3.5.2. Superoxide Anion Generation

Neutrophils (6 × 105 cells·mL−1) incubated in HBSS with ferricytochrome c (0.5 mg·mL−1) and Ca2+ (1 mM) at 37 °C were treated with dimethyl sulfoxide (DMSO), as control, or with the tested compound for 5 min. Neutrophils were primed by cytochalasin B (CB, 1 μg·mL−1) for 3 min before activating fMLF (100 nM) for 10 min (fMLF/CB). The change in superoxide anion generation was spectrophotometrically measured at 550 nm (U-3010, Hitachi, Tokyo, Japan) [32,33].

3.5.3. Elastase Release

Neutrophils (6 × 105 cells·mL−1) incubated in HBSS with MeO-Suc-Ala-Ala-Pro-Val-p- nitroanilide (100 μM) and Ca2+ (1 mM) at 37 °C were treated with DMSO or the tested compound for 5 min. Neutrophils were challenged by fMLF (100 nM)/CB (0.5 μg·mL−1) for 10 min. The change in elastase release was spectrophotometrically measured at 405 nm (U-3010, Hitachi, Tokyo, Japan) [32].

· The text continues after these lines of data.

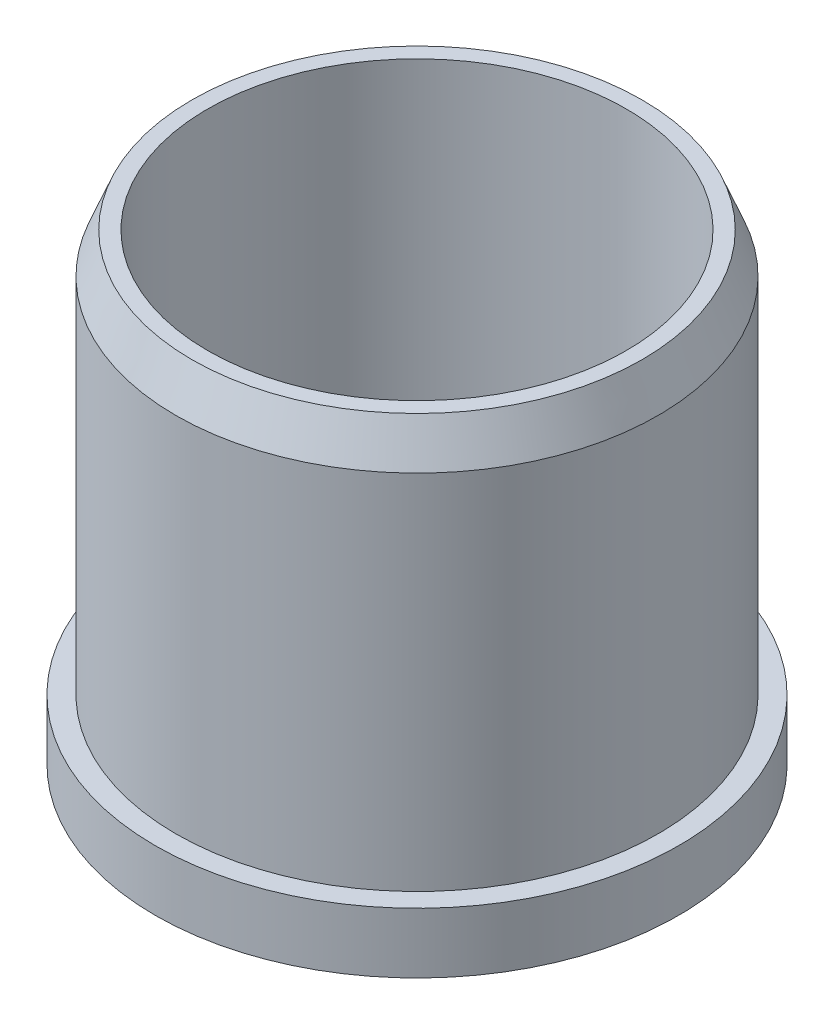
from build123d import *

# Parameters (mm, degrees)
SKETCH1_R           = 41.275
SKETCH1_R_2         = 6.5024
SKETCH1_R_3         = 7.62
BOSS_EXTRUDE1_DEPTH = 9.525
SKETCH2_R           = 38.0365
SKETCH2_R_2         = 33.02
BOSS_EXTRUDE2_DEPTH = 63.5
SKETCH3_R           = 12.7
SKETCH3_R_2         = 6.5024
BOSS_EXTRUDE3_DEPTH = 15.875
CHAMFER1_SIZE       = 6.35
CHAMFER1_SIZE2      = 2.54
SKETCH4_R           = 12.7
SKETCH4_R_2         = 6.5024
BOSS_EXTRUDE4_DEPTH = 6.35
FILLET1_R           = 2.54


with BuildPart() as part:
    # Sketch1 → Boss-Extrude1 (new body)
    with BuildSketch(Plane(origin=(0, 0, 0), x_dir=(1, 0, 0), z_dir=(0, 1, 0))):
        Circle(SKETCH1_R)
        Circle(SKETCH1_R_2, mode=Mode.SUBTRACT)
        with Locations((0, 22.86)):
            Circle(SKETCH1_R_3, mode=Mode.SUBTRACT)
        with Locations((21.741151963, 7.064128491)):
            Circle(SKETCH1_R_3, mode=Mode.SUBTRACT)
        with Locations((13.436770867, -18.494128491)):
            Circle(SKETCH1_R_3, mode=Mode.SUBTRACT)
        with Locations((-13.436770867, -18.494128491)):
            Circle(SKETCH1_R_3, mode=Mode.SUBTRACT)
        with Locations((-21.741151963, 7.064128491)):
            Circle(SKETCH1_R_3, mode=Mode.SUBTRACT)
    extrude(amount=BOSS_EXTRUDE1_DEPTH)

    # Sketch2 → Boss-Extrude2 (add)
    with BuildSketch(Plane(origin=(0, 9.525, 0), x_dir=(1, 0, 0), z_dir=(0, 1, 0))):
        Circle(SKETCH2_R)
        Circle(SKETCH2_R_2, mode=Mode.SUBTRACT)
    extrude(amount=BOSS_EXTRUDE2_DEPTH)

    # Sketch3 → Boss-Extrude3 (add)
    with BuildSketch(Plane(origin=(0, 9.525, 0), x_dir=(1, 0, 0), z_dir=(0, 1, 0))):
        Circle(SKETCH3_R)
        Circle(SKETCH3_R_2, mode=Mode.SUBTRACT)
    extrude(amount=BOSS_EXTRUDE3_DEPTH)

    # Chamfer1
    chamfer1_edges = [part.edges().sort_by_distance(p)[0] for p in [
        (-38.0365, 73.025, 0),
    ]]
    chamfer1_side = [part.faces().sort_by_distance(p)[0] for p in [
        (-38.0365, 41.275, 0),
    ]]
    chamfer(chamfer1_edges, length=CHAMFER1_SIZE, length2=CHAMFER1_SIZE2, reference=chamfer1_side[0])

    # Sketch4 → Boss-Extrude4 (add)
    with BuildSketch(Plane(origin=(0, 25.4, 0), x_dir=(1, 0, 0), z_dir=(0, 1, 0))):
        Circle(SKETCH4_R)
        Circle(SKETCH4_R_2, mode=Mode.SUBTRACT)
    extrude(amount=BOSS_EXTRUDE4_DEPTH)

    # Fillet1
    fillet1_edges = [part.edges().sort_by_distance(p)[0] for p in [
        (-12.7, 31.75, 0),
    ]]
    fillet(fillet1_edges, radius=FILLET1_R)


solid = part.part

3.5.4. Statistical Analysis

Data were displayed as the mean ± SD, and comparisons were performed by one-way ANOVA with Dunnett analysis. All results were obtained from eight biological replicates. A probability value of 0.05 or less was considered to be significant. The Prism software (Version 5.0, GraphPad Software, San Diego, CA, USA) was used for the statistical analysis.

4. Conclusions

Our present examination of the chemical constituents of the soft coral S. cherbonnieri led to the discovery of new cembranoid compounds 1–7. All compounds were found to possess anti-inflammatory activity by exhibiting inhibitory effects on the generation of superoxide anion and elastase release in fMLF/CB-induced primary human neutrophils, and cherbonolides G and H (2 and 3) were found to be the most active in the inhibition of elastase release and superoxide anion generation, respectively. As the marine environment is an important source of bioactive substances, and due to the high chemical diversity and specimen diversity of the Sarcophyton genus [27,28,34,35], it can be expected that new natural products and activities from soft corals of this genus can be continuously discovered in the future.